## [Assignment]
Beneath this line are the data; copy exactly the part of them that opens with the line containing "of L9.end L10.end" and closes with the line containing "L2 L3 L7 L17", and only that part.

Extracted data entries
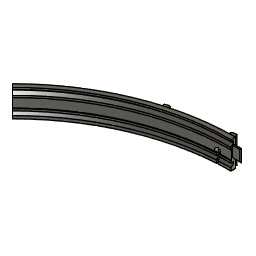
Model_LowerSegment (Autodesk Fusion 360 design; units mm, degrees)
Autodesk Fusion 360 part; units mm, degrees
sketch "Sketch1" plane through (0, 0, 0) normal (0, 0, 1) x (1, 0, 0)
  circle A0 centre (0, 0) radius 246.5
  circle A1 centre (0, 0) radius 241.5
  line L0 (0, 350) -> (0, -350)
  line L1 (-247.4874, 247.4874) -> (247.4874, -247.4874)
  line L2 (-350, 0) -> (350, 0)
  line L3 (-247.4874, -247.4874) -> (247.4874, 247.4874)
  line L4 (0, 350) -> (0, -350)
  dimension "d2" = 5
  dimension "d3" = 350
  dimension "d4" = 350
  dimension "d5" = 45
  dimension "d6" = 45
  dimension "d7" = 45
  dimension "d8" = 45
  dimension "d50" = 483
  constraint coincident A0.centre A1.centre
  constraint concentric A0 A1
  constraint vertical L0
  constraint vertical L4
  measures "d2" distance of A0 A1
  measures "d3" distance of A0.centre L0.start
  measures "d4" distance of A0.centre L0.end
  measures "d5" angle of L0 L1
  measures "d6" angle of L1 L2
  measures "d7" angle of L2 L3
  measures "d8" angle of L3 L4
  measures "d50" diameter of A1
extrude "Extrude1" add sketch "Sketch1" along normal blind 30 contours A0 A1 L0 L1 L4 picked at (-165.0426, 180.2099)
sketch "Sketch2" plane through (0, 0, 0) normal (1, 0, 0) x (0, 1, 0)
  line L0 (241.5, 0) -> (246.5, 0)
  line L1 (246.5, 0) -> (246.5, 30)
  line L2 (246.5, 30) -> (241.5, 30)
  line L3 (241.5, 30) -> (241.5, 0)
  line L4 (241.5, 28) -> (244.5, 28)
  line L5 (244.5, 28) -> (244.5, 25.5)
  line L6 (244.5, 6.1) -> (244.5, 7.6)
  line L7 (244.5, 7.6) -> (241.5, 7.6)
  line L8 (241.5, 20.3) -> (242.3, 20.3)
  line L9 (242.3, 20.3) -> (242.3, 9.8)
  line L10 (242.3, 9.8) -> (241.5, 9.8)
  line L11 (241.5, 9.8) -> (241.5, 20.3)
  line L12 (244.5, 6.1) -> (241.5, 3.1)
  line L13 (244.5, 6.1) -> (267.2426, 6.1) construction
  line L14 (244.5, 25.5) -> (241.5, 22.5)
  line L15 (244.5, 25.5) -> (267.2426, 25.5) construction
  line L16 (241.5, 28) -> (241.5, 22.5)
  line L17 (241.5, 7.6) -> (241.5, 3.1)
  dimension "d11" = 2
  dimension "d12" = 2
  dimension "d13" = 2.5
  dimension "d15" = 2
  dimension "d16" = 1.5
  dimension "d17" = 10.5
  dimension "d18" = 0.8
  dimension "d20" = 2.2
  dimension "d23" = 3.1
  dimension "d25" = 2.2
  dimension "d109" = 45
  dimension "d110" = 45
  constraint horizontal L4
  constraint vertical L5
  constraint coincident L3 L4.start
  constraint vertical L6
  constraint horizontal L7
  constraint horizontal L8
  constraint vertical L9
  constraint horizontal L10
  constraint vertical L11
  constraint coincident L3 L8.start
  constraint horizontal L13
  constraint coincident L3 L12.end
  constraint horizontal L15
  constraint coincident L3 L14.end
  measures "d11" distance of L2 L4
  measures "d12" distance of L1 L5
  measures "d13" distance of L4.end L5.end
  measures "d15" distance of L1 L6
  measures "d16" distance of L6.start L6.end
  measures "d17" distance of L8.end L9.end
  measures "d18" distance of L9 L11
  measures "d20" distance of L7 L10
  measures "d23" distance of L0.start L12.end
  measures "d25" distance of L8.start L14.end
  measures "d109" angle of L14 L16
  measures "d110" angle of L12 L17
revolve "Revolve1" cut sketch "Sketch2" angle 360 about axis through (0, 0, 1.75) along (0, 0, 1) contours L3 L6 L7 L12 L17 | L3 L8 L9 L10 L11 | L3 L4 L5 L14 L16
sketch "Sketch3" plane through (0, 0, 0) normal (1, 0, 0) x (0, 1, 0)
  line L0 (241.5, 7.6) -> (244.5, 7.6)
  line L1 (244.5, 7.6) -> (244.5, 6.1)
  line L2 (244.5, 6.1) -> (241.5, 3.1)
  line L3 (241.5, 3.1) -> (241.5, 0)
  line L4 (241.5, 0) -> (246.5, 0)
  line L5 (246.5, 0) -> (246.5, 30)
  line L6 (246.5, 30) -> (241.5, 30)
  line L7 (241.5, 30) -> (241.5, 28)
  line L8 (241.5, 28) -> (244.5, 28)
  line L9 (244.5, 28) -> (244.5, 25.5)
  line L10 (244.5, 25.5) -> (241.5, 22.5)
  line L11 (241.5, 22.5) -> (241.5, 20.3)
  line L12 (241.5, 20.3) -> (242.3, 20.3)
  line L13 (242.3, 20.3) -> (242.3, 9.8)
  line L14 (242.3, 9.8) -> (241.5, 9.8)
  line L15 (241.5, 9.8) -> (241.5, 7.6)
  line L16 (245.2, 23.75) -> (243.4, 23.75)
  line L17 (245.2, 23.75) -> (245.2, 10.15)
  line L18 (245.2, 10.15) -> (243.4, 11.95)
  line L19 (245.2, 10.15) -> (249.7456, 10.15) construction
  line L20 (243.4, 23.75) -> (243.4, 11.95)
  line L21 (245.3, 23.85) -> (245.3, 9.85)
  line L22 (245.3, 9.85) -> (243.3, 11.85)
  line L23 (243.3, 11.85) -> (243.3, 23.85)
  line L24 (245.3, 23.85) -> (243.3, 23.85)
  dimension "d30" = 6.25
  dimension "d46" = 1.8
  dimension "d47" = 1.3
  dimension "d56" = 11.8
  dimension "d57" = 6.15
  dimension "d58" = 1.2
  dimension "d59" = 1.8
  dimension "d61" = 11.85
  dimension "d62" = 45
  dimension "d63" = 135
  constraint horizontal L16
  constraint perpendicular L16 L17
  constraint horizontal L19
  constraint perpendicular L16 L20
  constraint perpendicular L19 L21
  constraint perpendicular L23 L24
  measures "d30" distance of L6 L16
  measures "d46" distance of L17 L20
  measures "d47" distance of L5 L17
  measures "d56" distance of L16.end L18.end
  measures "d57" distance of L6 L24
  measures "d58" distance of L5 L21
  measures "d59" distance of L11 L23
  measures "d61" distance of L4 L22.end
  measures "d62" angle of L17 L18
  measures "d63" angle of L21 L22
revolve "Revolve2" add sketch "Sketch3" angle 1.9 about axis through (0, 0, 1.75) along (0, 0, -1) contours L16 L17 L18 L20
sketch "Sketch4" plane through (0, 0, 0) normal (-0.707107, -0.707107, 0) x (0.707107, -0.707107, 0)
  line L0 (-244.5, 7.6) -> (-241.5, 7.6)
  line L1 (-241.5, 7.6) -> (-241.5, 9.8)
  line L2 (-241.5, 9.8) -> (-242.3, 9.8)
  line L3 (-242.3, 9.8) -> (-242.3, 20.3)
  line L4 (-242.3, 20.3) -> (-241.5, 20.3)
  line L5 (-241.5, 20.3) -> (-241.5, 22.5)
  line L6 (-241.5, 22.5) -> (-244.5, 25.5)
  line L7 (-244.5, 25.5) -> (-244.5, 28)
  line L8 (-244.5, 28) -> (-241.5, 28)
  line L9 (-241.5, 28) -> (-241.5, 30)
  line L10 (-241.5, 30) -> (-246.5, 30)
  line L11 (-246.5, 30) -> (-246.5, 0)
  line L12 (-246.5, 0) -> (-241.5, 0)
  line L13 (-241.5, 0) -> (-241.5, 3.1)
  line L14 (-241.5, 3.1) -> (-244.5, 6.1)
  line L15 (-244.5, 6.1) -> (-244.5, 7.6)
  line L16 (-245.3, 23.85) -> (-243.3, 23.85)
  line L17 (-245.3, 9.85) -> (-245.3, 23.85)
  line L18 (-245.3, 9.85) -> (-243.3, 11.85)
  line L19 (-245.3, 9.85) -> (-242.4716, 9.85) construction
  line L20 (-243.3, 23.85) -> (-243.3, 11.85)
  dimension "d38" = 14
  dimension "d39" = 2
  dimension "d40" = 1.2
  dimension "d42" = 6.15
  dimension "d55" = 12
  constraint horizontal L16
  constraint vertical L17
  constraint horizontal L19
  constraint perpendicular L16 L20
  measures "d38" distance of L16.start L17.start
  measures "d39" distance of L16.start L16.end
  measures "d40" distance of L11 L17
  measures "d42" distance of L10 L16
  measures "d55" distance of L16.end L18.end
revolve "Revolve3" cut sketch "Sketch4" angle 2 about axis through (0, 0, 1.75) along (0, 0, -1) contours L16 L17 L18 L20
ref_plane "WorkPlane1" through (-43.9859, 242.5438, 22.9951) normal (-0.178442, 0.98395, 0) x (0.98395, 0.178442, 0)
sketch "Sketch5" plane through (-43.9859, 242.5438, 23.1817) normal (-0.178442, 0.98395, 0) x (0.98395, 0.178442, 0)
  line L0 (42.5862, -5.8183) -> (40.5862, -5.8183)
  line L1 (40.5862, -5.8183) -> (40.5862, 23.1817)
  line L2 (40.5862, 23.1817) -> (42.5862, 23.1817)
  line L3 (42.5862, 23.1817) -> (42.5862, -5.8183)
  line L4 (-140.4016, -6.8183) -> (43.9859, -6.8183)
  line L5 (42.5862, -5.8183) -> (36.5862, -5.8183)
  line L6 (36.5862, -5.8183) -> (36.5862, -4.8183)
  line L7 (36.5862, -4.8183) -> (42.5862, -4.8183)
  line L8 (42.5862, -4.8183) -> (42.5862, -5.8183)
  line L9 (-27.9138, -5.8183) -> (-25.9138, -5.8183)
  line L10 (-25.9138, -5.8183) -> (-25.9138, 23.1817)
  line L11 (-25.9138, 23.1817) -> (-27.9138, 23.1817)
  line L12 (-27.9138, 23.1817) -> (-27.9138, -5.8183)
  line L13 (-27.9138, -5.8183) -> (-21.9138, -5.8183)
  line L14 (-21.9138, -5.8183) -> (-21.9138, -4.8183)
  line L15 (-21.9138, -4.8183) -> (-27.9138, -4.8183)
  line L16 (-27.9138, -4.8183) -> (-27.9138, -5.8183)
  circle A0 centre (28.6336, 11.6817) radius 1.25
  line L17 (-140.4016, 23.1817) -> (43.9859, 23.1817)
  line L18 (29.3798, 12.6846) -> (29.3798, 23.1817)
  line L19 (27.8798, 12.6788) -> (27.8798, 23.1817)
  dimension "d65" = 1
  dimension "d66" = 2
  dimension "d67" = 6
  dimension "d68" = 1
  dimension "d76" = 29
  dimension "d77" = 2
  dimension "d78" = 1
  dimension "d79" = 29
  dimension "d80" = 6
  dimension "d81" = 1
  dimension "d82" = 66.5
  dimension "d100" = 2.5
  dimension "d101" = 11.5
  dimension "d106" = 1.5
  constraint horizontal L0
  constraint vertical L1
  constraint horizontal L2
  constraint vertical L3
  constraint horizontal L5
  constraint vertical L6
  constraint horizontal L7
  constraint vertical L8
  constraint horizontal L9
  constraint vertical L10
  constraint horizontal L11
  constraint vertical L12
  constraint horizontal L13
  constraint vertical L14
  constraint horizontal L15
  constraint vertical L16
  constraint coincident A0 L18.start
  constraint coincident L17 L18.end
  constraint perpendicular L17 L18
  constraint coincident A0 L19.start
  constraint coincident L17 L19.end
  constraint perpendicular L17 L19
  measures "d65" distance of L0 L4
  measures "d66" distance of L1.end L2.end
  measures "d67" distance of L0.start L5.end
  measures "d68" distance of L0.start L7.end
  measures "d76" distance of L0.start L2.end
  measures "d77" distance of L9.start L9.end
  measures "d78" distance of L4 L9
  measures "d79" distance of L9.end L10.end
  measures "d80" distance of L9.start L13.end
  measures "d81" distance of L9.start L15.end
  measures "d82" distance of L1 L10
  measures "d100" diameter of A0
  measures "d101" distance of A0.centre L17
  measures "d106" distance of L18 L19
extrude "Extrude7" cut sketch "Sketch5" against normal blind 22 contours A0 | A0 L17 L18 L19
extrude "Extrude3" add sketch "Sketch5" along normal blind -5 and the other way blind -1 contours L0 L1 L3 L5 L7 L8 | L1 L5 L6 L7 | L1 L2 L3 L7 L17
sketch "Sketch6" plane through (39.9348, 7.2423, 0) normal (-0.98395, -0.178442, 0) x (0.178442, -0.98395, 0)
  line L0 (-243.1358, 0) -> (-243.1358, 28)
  line L1 (-243.1358, 28) -> (-247.5, 28)
  line L2 (-247.5, 28) -> (-247.5, 0)
  line L3 (-247.5, 0) -> (-243.1358, 0)
  line L4 (-247.5, 0) -> (-246, 0)
  line L5 (-246, 0) -> (-246, 28)
  line L6 (-246, 28) -> (-247.5, 28)
  line L7 (-247.5, 28) -> (-247.5, 0)
  dimension "d85" = 1.5
  constraint horizontal L4
  constraint vertical L5
  constraint horizontal L6
  constraint vertical L7
  constraint coincident L2.end L3.start
  measures "d85" distance of L2.end L4.end
extrude "Extrude4" add sketch "Sketch6" along normal blind 4 contours L1 L2 L3 L4 L5 L6 L7
extrude "Extrude5" add sketch "Sketch5" along normal blind -2 and the other way blind -2.7 contours L9 L10 L12 L13 L15 L16 | L10 L13 L14 L15 | L10 L11 L12 L15 L17
sketch "Sketch7" plane through (-25.4979, -4.6241, 0) normal (0.98395, 0.178442, 0) x (-0.178442, 0.98395, 0)
  line L0 (245.1341, 28) -> (245.1341, 0)
  line L1 (245.1341, 0) -> (249.2, 0)
  line L2 (249.2, 0) -> (249.2, 28)
  line L3 (249.2, 28) -> (245.1341, 28)
  line L4 (249.2, 0) -> (247.7, 0)
  line L5 (247.7, 0) -> (247.7, 28)
  line L6 (247.7, 28) -> (249.2, 28)
  line L7 (249.2, 28) -> (249.2, 0)
  constraint horizontal L4
  constraint vertical L5
  constraint horizontal L6
  constraint vertical L7
  constraint coincident L3 L5.end
  constraint coincident L1.end L2.start
extrude "Extrude6" add sketch "Sketch7" along normal blind 4 contours L1 L2 L3 L4 L5 L6 L7
fillet "Fillet3" radius 1 2 edges at (-71.9335, 240.2195, 14.5) (-66.0298, 241.2901, 14.5)
fillet "Fillet4" radius 1 2 edges at (-8.1653, 250.0563, 14.5) (-2.2616, 251.1269, 14.5)
fillet "Fillet7" radius 2 1 edges at (-14.7544, 241.8504, 12.75)
fillet "Fillet8" radius 2 1 edges at (-15.5091, 246.0116, 12.75)

## [Solution]
  measures "d79" distance of L9.end L10.end
  measures "d80" distance of L9.start L13.end
  measures "d81" distance of L9.start L15.end
  measures "d82" distance of L1 L10
  measures "d100" diameter of A0
  measures "d101" distance of A0.centre L17
  measures "d106" distance of L18 L19
extrude "Extrude7" cut sketch "Sketch5" against normal blind 22 contours A0 | A0 L17 L18 L19
extrude "Extrude3" add sketch "Sketch5" along normal blind -5 and the other way blind -1 contours L0 L1 L3 L5 L7 L8 | L1 L5 L6 L7 | L1 L2 L3 L7 L17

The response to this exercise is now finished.